Everything that comes from Gamescom from Microsoft and Sony looks legitimate as children's games in comparison to the technology shown on Nvidia. Tweets from Microsoft said Battlefield V will be the "most intense, expensive battlefield" that deserves an Xbox One. I just have to sit there and smile as you cling on these console manufacturers on their heads in a condescending manner.
Not 24 hours before was groundbreaking technology on the screen from Nvidia, but Microsoft claims that Battlefield V is so immersive that it deserves an Xbox One – a console that consistently struggles to beat 1080p with its bigger brother which does not consistently beat 4K in most games, nevermind 60fps.
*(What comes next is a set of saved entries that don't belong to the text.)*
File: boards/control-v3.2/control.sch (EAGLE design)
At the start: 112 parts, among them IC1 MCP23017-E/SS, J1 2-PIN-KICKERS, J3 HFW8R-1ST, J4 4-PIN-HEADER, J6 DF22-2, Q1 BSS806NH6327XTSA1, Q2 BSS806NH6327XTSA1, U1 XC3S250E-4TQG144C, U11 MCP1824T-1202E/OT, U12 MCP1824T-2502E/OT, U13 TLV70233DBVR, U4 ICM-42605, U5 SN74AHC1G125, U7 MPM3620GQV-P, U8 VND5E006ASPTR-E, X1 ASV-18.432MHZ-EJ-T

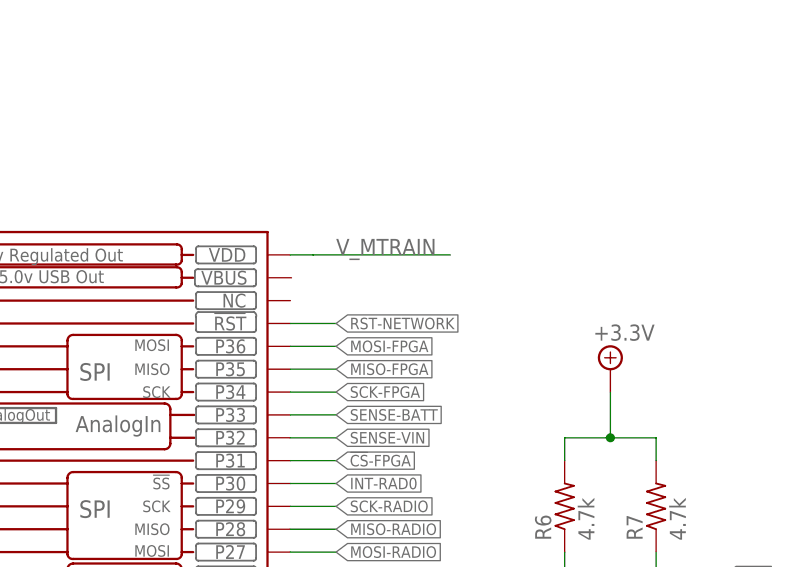
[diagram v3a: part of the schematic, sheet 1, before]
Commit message: Fixed labeling of reset network wires, added via for 1.2V, fixed silkscreen overlap
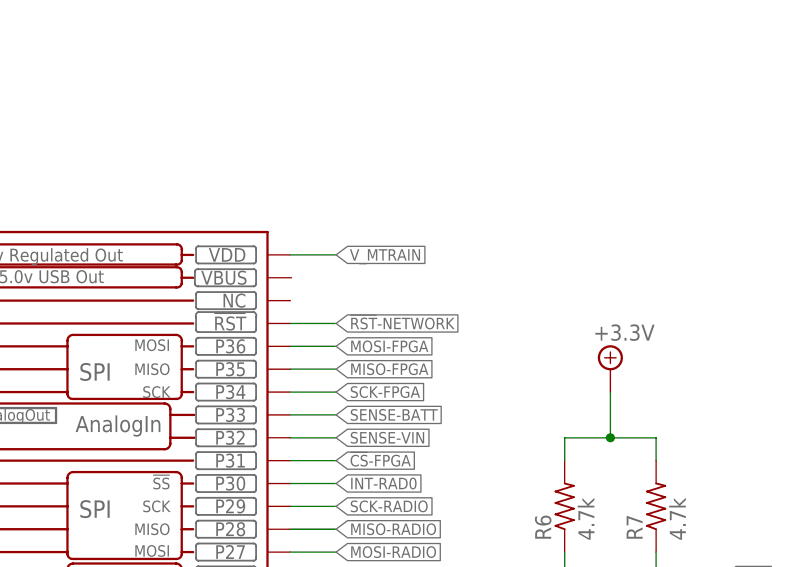
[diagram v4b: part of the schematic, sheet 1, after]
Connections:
- net N$1 renamed BATT_PWR_AVAIL
- net N$3 renamed !RST!_CTRL
- net RST-NETWORK renamed !RST!-NETWORK
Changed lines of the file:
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@@
 <drawing>
 <settings>
-<setting alwaysvectorfont="no"/>
+<setting alwaysvectorfont="yes"/>
 <setting keepoldvectorfont="yes"/>
 <setting verticaltext="up"/>
@@
 <net name="V_MTRAIN" class="0">
 <segment>
-<wire x1="187.96" y1="170.18" x2="190.5" y2="170.18" width="0.1524" layer="91"/>
-<wire x1="190.5" y1="170.18" x2="205.74" y2="170.18" width="0.1524" layer="91"/>
+<wire x1="187.96" y1="170.18" x2="193.04" y2="170.18" width="0.1524" layer="91"/>
 <pinref part="KIT1" gate="G$1" pin="VDD"/>
-<label x="193.04" y="170.18" size="1.778" layer="95"/>
+<label x="193.04" y="170.18" size="1.27" layer="95" xref="yes"/>
 </segment>
 </net>
-<net name="RST-NETWORK" class="0">
+<net name="!RST!-NETWORK" class="0">
 <segment>
 <pinref part="KIT1" gate="G$1" pin="!RST"/>
@@
 </segment>
 </net>
-<net name="N$1" class="0">
+<net name="BATT_PWR_AVAIL" class="0">
 <segment>
 <pinref part="R34" gate="G$1" pin="2"/>
@@
 </segment>
 </net>
-<net name="RST-NETWORK" class="0">
+<net name="!RST!-NETWORK" class="0">
 <segment>
 <wire x1="93.98" y1="185.42" x2="96.52" y2="185.42" width="0.1524" layer="91"/>
@@
 </segment>
 </net>
-<net name="N$3" class="0">
+<net name="!RST!_CTRL" class="0">
 <segment>
 <pinref part="R35" gate="G$1" pin="1"/>

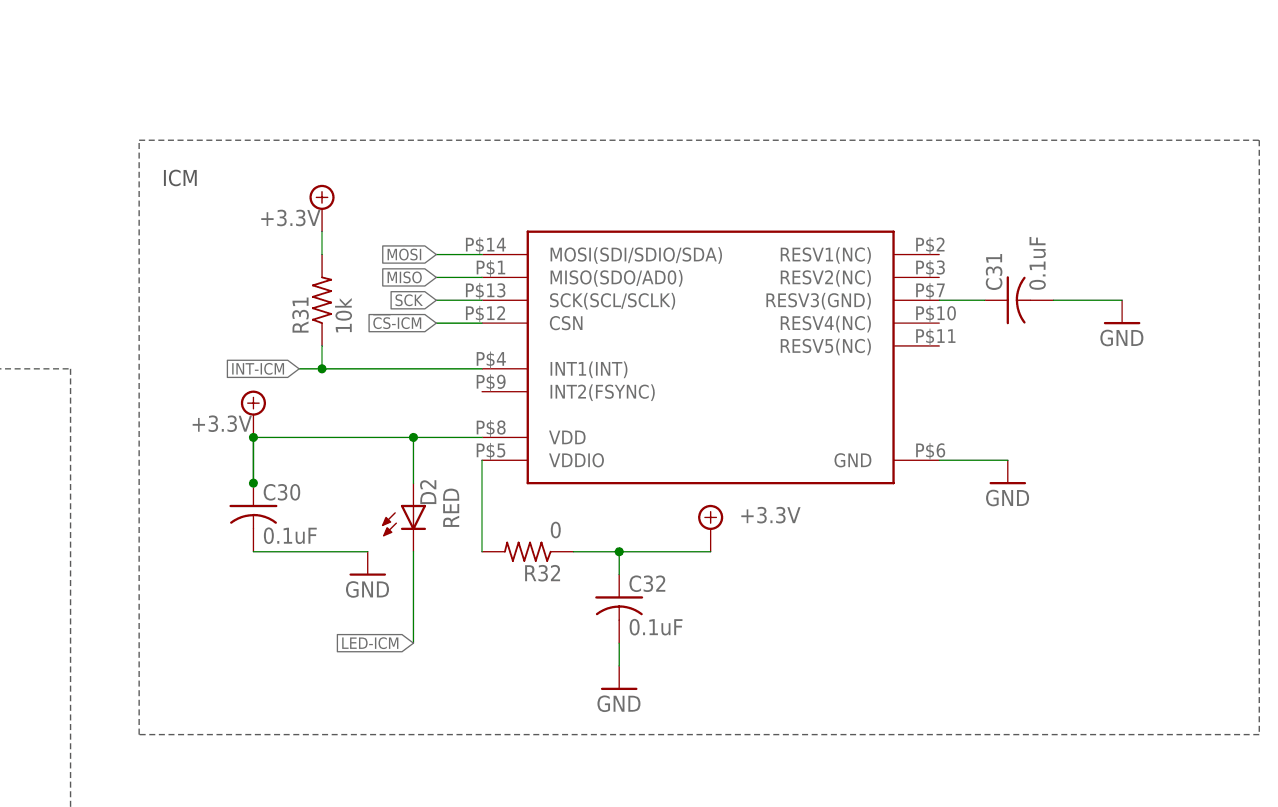
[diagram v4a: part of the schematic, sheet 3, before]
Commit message: Fixed schematic for IMU
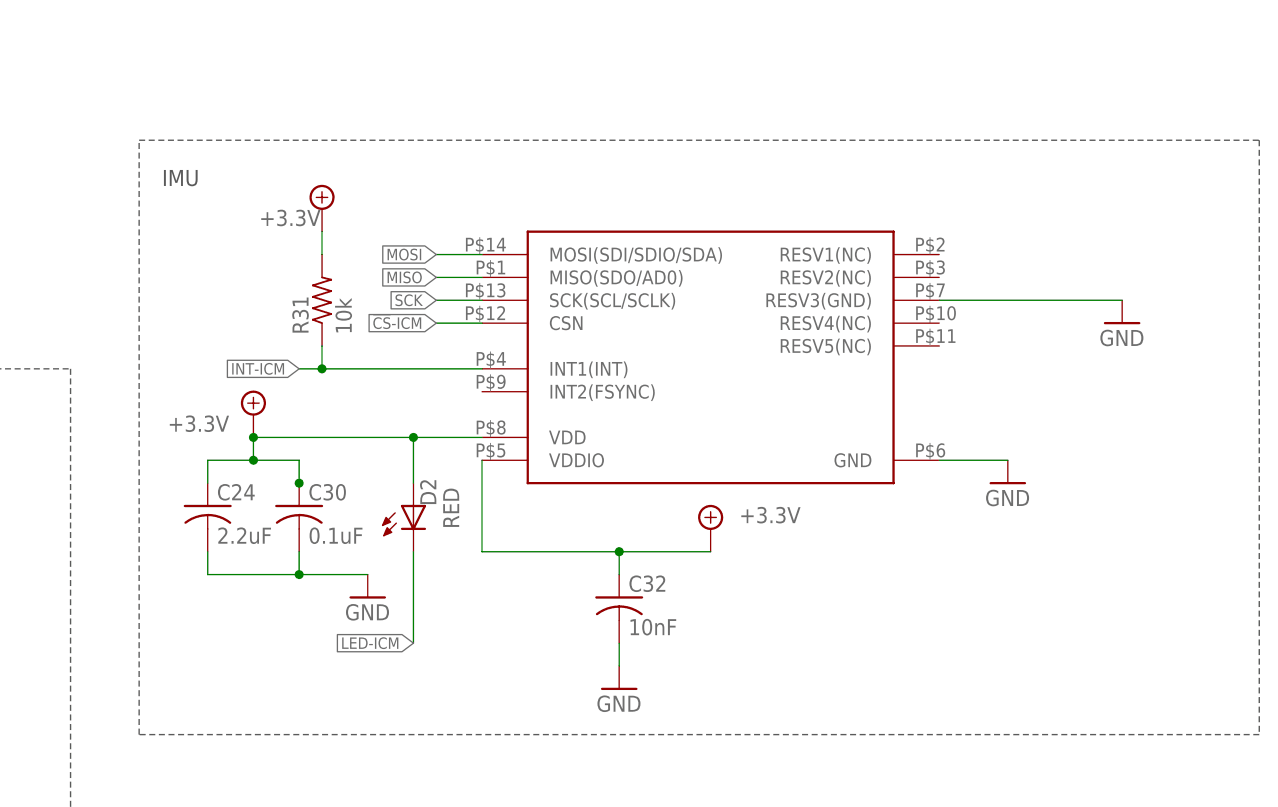
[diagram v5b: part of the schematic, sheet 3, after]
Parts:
- removed C31: 0.1uF, rcl:C-USC0603
- removed R32: 0, resistor:R-US_R0603
- added C24: 2.2uF, rcl:C-USC0603
- C32: value 0.1uF -> 10nF
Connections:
- removed net RESV3: C31.1, U4.RESV3(GND)
- removed net VDDIO: R32.2, U4.VDDIO
- net +3.3V: now also C24.1, U4.VDDIO; no longer R32.1
- net GND: now also C24.2, U4.RESV3(GND); no longer C31.2
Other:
- note added: "IMU"
- note removed: "ICM"
- moved on the sheet: C30
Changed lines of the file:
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@@
 <part name="C30" library="rcl" library_urn="urn:adsk.eagle:library:334" deviceset="C-US" device="C0603" package3d_urn="urn:adsk.eagle:package:23616/2" value="0.1uF"/>
 <part name="GND46" library="supply1" deviceset="GND" device=""/>
-<part name="C31" library="rcl" library_urn="urn:adsk.eagle:library:334" deviceset="C-US" device="C0603" package3d_urn="urn:adsk.eagle:package:23616/2" value="0.1uF"/>
 <part name="GND47" library="supply1" deviceset="GND" device=""/>
 <part name="R31" library="resistor" library_urn="urn:adsk.eagle:library:348" deviceset="R-US_" device="R0603" package3d_urn="urn:adsk.eagle:package:23555/2" value="10k"/>
-<part name="R32" library="resistor" library_urn="urn:adsk.eagle:library:348" deviceset="R-US_" device="R0603" package3d_urn="urn:adsk.eagle:package:23555/2" value="0"/>
-<part name="C32" library="rcl" library_urn="urn:adsk.eagle:library:334" deviceset="C-US" device="C0603" package3d_urn="urn:adsk.eagle:package:23616/2" value="0.1uF"/>
+<part name="C32" library="rcl" library_urn="urn:adsk.eagle:library:334" deviceset="C-US" device="C0603" package3d_urn="urn:adsk.eagle:package:23616/2" value="10nF"/>
 <part name="GND52" library="supply1" deviceset="GND" device=""/>
 <part name="SUPPLY31" library="RoboJackets-Supplies" deviceset="+3.3V" device=""/>
@@
 <part name="Q1" library="RoboJackets-Discrete" deviceset="NMOS" device="SOT-23-3" value="BSS806NH6327XTSA1"/>
 <part name="Q2" library="RoboJackets-Discrete" deviceset="NMOS" device="SOT-23-3" value="BSS806NH6327XTSA1"/>
+<part name="C24" library="rcl" library_urn="urn:adsk.eagle:library:334" deviceset="C-US" device="C0603" package3d_urn="urn:adsk.eagle:package:23616/2" value="2.2uF"/>
 </parts>
 <sheets>
@@
 <wire x1="271.78" y1="48.26" x2="147.32" y2="48.26" width="0.1524" layer="97" style="shortdash"/>
 <wire x1="147.32" y1="48.26" x2="147.32" y2="114.3" width="0.1524" layer="97" style="shortdash"/>
-<text x="149.86" y="109.22" size="1.778" layer="97">ICM</text>
+<text x="149.86" y="109.22" size="1.778" layer="97">IMU</text>
 <wire x1="7.62" y1="88.9" x2="139.7" y2="88.9" width="0.1524" layer="97" style="shortdash"/>
 <wire x1="139.7" y1="88.9" x2="139.7" y2="5.08" width="0.1524" layer="97" style="shortdash"/>
@@
 </instance>
 <instance part="SUPPLY29" gate="P" x="160.02" y="83.82" smashed="yes">
-<attribute name="VALUE" x="153.035" y="81.915" size="1.778" layer="96"/>
-</instance>
-<instance part="C30" gate="G$1" x="160.02" y="73.66" smashed="yes">
-<attribute name="NAME" x="161.036" y="74.295" size="1.778" layer="95"/>
-<attribute name="VALUE" x="161.036" y="69.469" size="1.778" layer="96"/>
-</instance>
-<instance part="GND46" gate="1" x="172.72" y="66.04" smashed="yes">
-<attribute name="VALUE" x="170.18" y="63.5" size="1.778" layer="96"/>
-</instance>
-<instance part="C31" gate="G$1" x="243.84" y="96.52" smashed="yes" rot="R90">
-<attribute name="NAME" x="243.205" y="97.536" size="1.778" layer="95" rot="R90"/>
-<attribute name="VALUE" x="248.031" y="97.536" size="1.778" layer="96" rot="R90"/>
+<attribute name="VALUE" x="150.495" y="81.915" size="1.778" layer="96"/>
+</instance>
+<instance part="C30" gate="G$1" x="165.1" y="73.66" smashed="yes">
+<attribute name="NAME" x="166.116" y="74.295" size="1.778" layer="95"/>
+<attribute name="VALUE" x="166.116" y="69.469" size="1.778" layer="96"/>
+</instance>
+<instance part="GND46" gate="1" x="172.72" y="63.5" smashed="yes">
+<attribute name="VALUE" x="170.18" y="60.96" size="1.778" layer="96"/>
 </instance>
 <instance part="GND47" gate="1" x="256.54" y="93.98" smashed="yes">
@@
 <attribute name="VALUE" x="170.942" y="92.71" size="1.778" layer="96" rot="R90"/>
 </instance>
-<instance part="R32" gate="G$1" x="190.5" y="68.58" smashed="yes" rot="R180">
-<attribute name="NAME" x="194.31" y="67.0814" size="1.778" layer="95" rot="R180"/>
-<attribute name="VALUE" x="194.31" y="71.882" size="1.778" layer="96" rot="R180"/>
-</instance>
 <instance part="C32" gate="G$1" x="200.66" y="63.5" smashed="yes">
 <attribute name="NAME" x="201.676" y="64.135" size="1.778" layer="95"/>
@@
 <attribute name="VALUE" x="96.52" y="162.56" size="1.778" layer="96"/>
 <attribute name="NAME" x="96.52" y="165.1" size="1.778" layer="95"/>
+</instance>
+<instance part="C24" gate="G$1" x="154.94" y="73.66" smashed="yes">
+<attribute name="NAME" x="155.956" y="74.295" size="1.778" layer="95"/>
+<attribute name="VALUE" x="155.956" y="69.469" size="1.778" layer="96"/>
 </instance>
 </instances>
@@
 </segment>
 <segment>
-<pinref part="GND46" gate="1" pin="GND"/>
-<pinref part="C30" gate="G$1" pin="2"/>
-<wire x1="172.72" y1="68.58" x2="160.02" y2="68.58" width="0.1524" layer="91"/>
-</segment>
-<segment>
-<pinref part="C31" gate="G$1" pin="2"/>
 <pinref part="GND47" gate="1" pin="GND"/>
-<wire x1="248.92" y1="96.52" x2="256.54" y2="96.52" width="0.1524" layer="91"/>
+<pinref part="U4" gate="G$1" pin="RESV3(GND)"/>
+<wire x1="236.22" y1="96.52" x2="256.54" y2="96.52" width="0.1524" layer="91"/>
 </segment>
 <segment>
@@
 <wire x1="93.98" y1="157.48" x2="93.98" y2="144.78" width="0.1524" layer="91"/>
 <pinref part="Q2" gate="G$1" pin="S"/>
+</segment>
+<segment>
+<pinref part="GND46" gate="1" pin="GND"/>
+<pinref part="C24" gate="G$1" pin="2"/>
+<wire x1="154.94" y1="68.58" x2="154.94" y2="66.04" width="0.1524" layer="91"/>
+<wire x1="154.94" y1="66.04" x2="165.1" y2="66.04" width="0.1524" layer="91"/>
+<pinref part="C30" gate="G$1" pin="2"/>
+<wire x1="165.1" y1="66.04" x2="172.72" y2="66.04" width="0.1524" layer="91"/>
+<wire x1="165.1" y1="68.58" x2="165.1" y2="66.04" width="0.1524" layer="91"/>
+<junction x="165.1" y="66.04"/>
 </segment>
 </net>
@@
 <segment>
 <pinref part="SUPPLY29" gate="P" pin="+3.3V"/>
-<wire x1="160.02" y1="81.28" x2="160.02" y2="76.2" width="0.1524" layer="91"/>
-<wire x1="160.02" y1="76.2" x2="160.02" y2="81.28" width="0.1524" layer="91"/>
-<junction x="160.02" y="81.28"/>
 <pinref part="U4" gate="G$1" pin="VDD"/>
 <wire x1="185.42" y1="81.28" x2="177.8" y2="81.28" width="0.1524" layer="91"/>
-<pinref part="C30" gate="G$1" pin="1"/>
-<junction x="160.02" y="76.2"/>
 <pinref part="D2" gate="G$1" pin="A"/>
 <wire x1="177.8" y1="81.28" x2="160.02" y2="81.28" width="0.1524" layer="91"/>
 <wire x1="177.8" y1="76.2" x2="177.8" y2="81.28" width="0.1524" layer="91"/>
 <junction x="177.8" y="81.28"/>
+<pinref part="C24" gate="G$1" pin="1"/>
+<pinref part="C30" gate="G$1" pin="1"/>
+<junction x="165.1" y="76.2"/>
+<wire x1="165.1" y1="76.2" x2="165.1" y2="78.74" width="0.1524" layer="91"/>
+<wire x1="165.1" y1="78.74" x2="160.02" y2="78.74" width="0.1524" layer="91"/>
+<wire x1="160.02" y1="78.74" x2="154.94" y2="78.74" width="0.1524" layer="91"/>
+<wire x1="154.94" y1="78.74" x2="154.94" y2="76.2" width="0.1524" layer="91"/>
+<wire x1="160.02" y1="81.28" x2="160.02" y2="78.74" width="0.1524" layer="91"/>
+<junction x="160.02" y="81.28"/>
+<junction x="160.02" y="78.74"/>
 </segment>
 <segment>
@@
 <pinref part="C32" gate="G$1" pin="1"/>
 <wire x1="200.66" y1="66.04" x2="200.66" y2="68.58" width="0.1524" layer="91"/>
-<pinref part="R32" gate="G$1" pin="1"/>
-<wire x1="200.66" y1="68.58" x2="195.58" y2="68.58" width="0.1524" layer="91"/>
 <pinref part="SUPPLY31" gate="P" pin="+3.3V"/>
 <wire x1="200.66" y1="68.58" x2="210.82" y2="68.58" width="0.1524" layer="91"/>
 <junction x="200.66" y="68.58"/>
+<pinref part="U4" gate="G$1" pin="VDDIO"/>
+<wire x1="185.42" y1="68.58" x2="185.42" y2="78.74" width="0.1524" layer="91"/>
+<wire x1="185.42" y1="68.58" x2="200.66" y2="68.58" width="0.1524" layer="91"/>
 </segment>
 <segment>
@@
 </segment>
 </net>
-<net name="RESV3" class="0">
-<segment>
-<pinref part="U4" gate="G$1" pin="RESV3(GND)"/>
-<pinref part="C31" gate="G$1" pin="1"/>
-<wire x1="236.22" y1="96.52" x2="241.3" y2="96.52" width="0.1524" layer="91"/>
-</segment>
-</net>
-<net name="VDDIO" class="0">
-<segment>
-<pinref part="R32" gate="G$1" pin="2"/>
-<pinref part="U4" gate="G$1" pin="VDDIO"/>
-<wire x1="185.42" y1="68.58" x2="185.42" y2="78.74" width="0.1524" layer="91"/>
-</segment>
-</net>

It only shows me the absolutely core distribution of consoles today and modern PC technology, a breadth that continues to widen and broaden.
Finally, I think fundamentally that we are only at the beginning of a whole new era of PC gaming. This sounds terrible like hyperbolt, and I absolutely do not owe you to think about it. After all, how many times have we heard it before?
The difference here is that radiation tracking, unlike 3D and VR, has long been the sacred degree of PC graphics. The desire to imitate the real world has been there since the beginning of PC games. All these methods such as physically based reproduction, surrounding occlusion and the like are evidence of this desire to imitate the real world. I think that racing in PC graphics is still in its childhood, but the truly revolutionary leap in hardware and software technology done by Nvidia can not be downloaded at least. This is truly a remarkable achievement and an inflection point in PC graphics and real-time rendering. I'm very excited about what's going on next.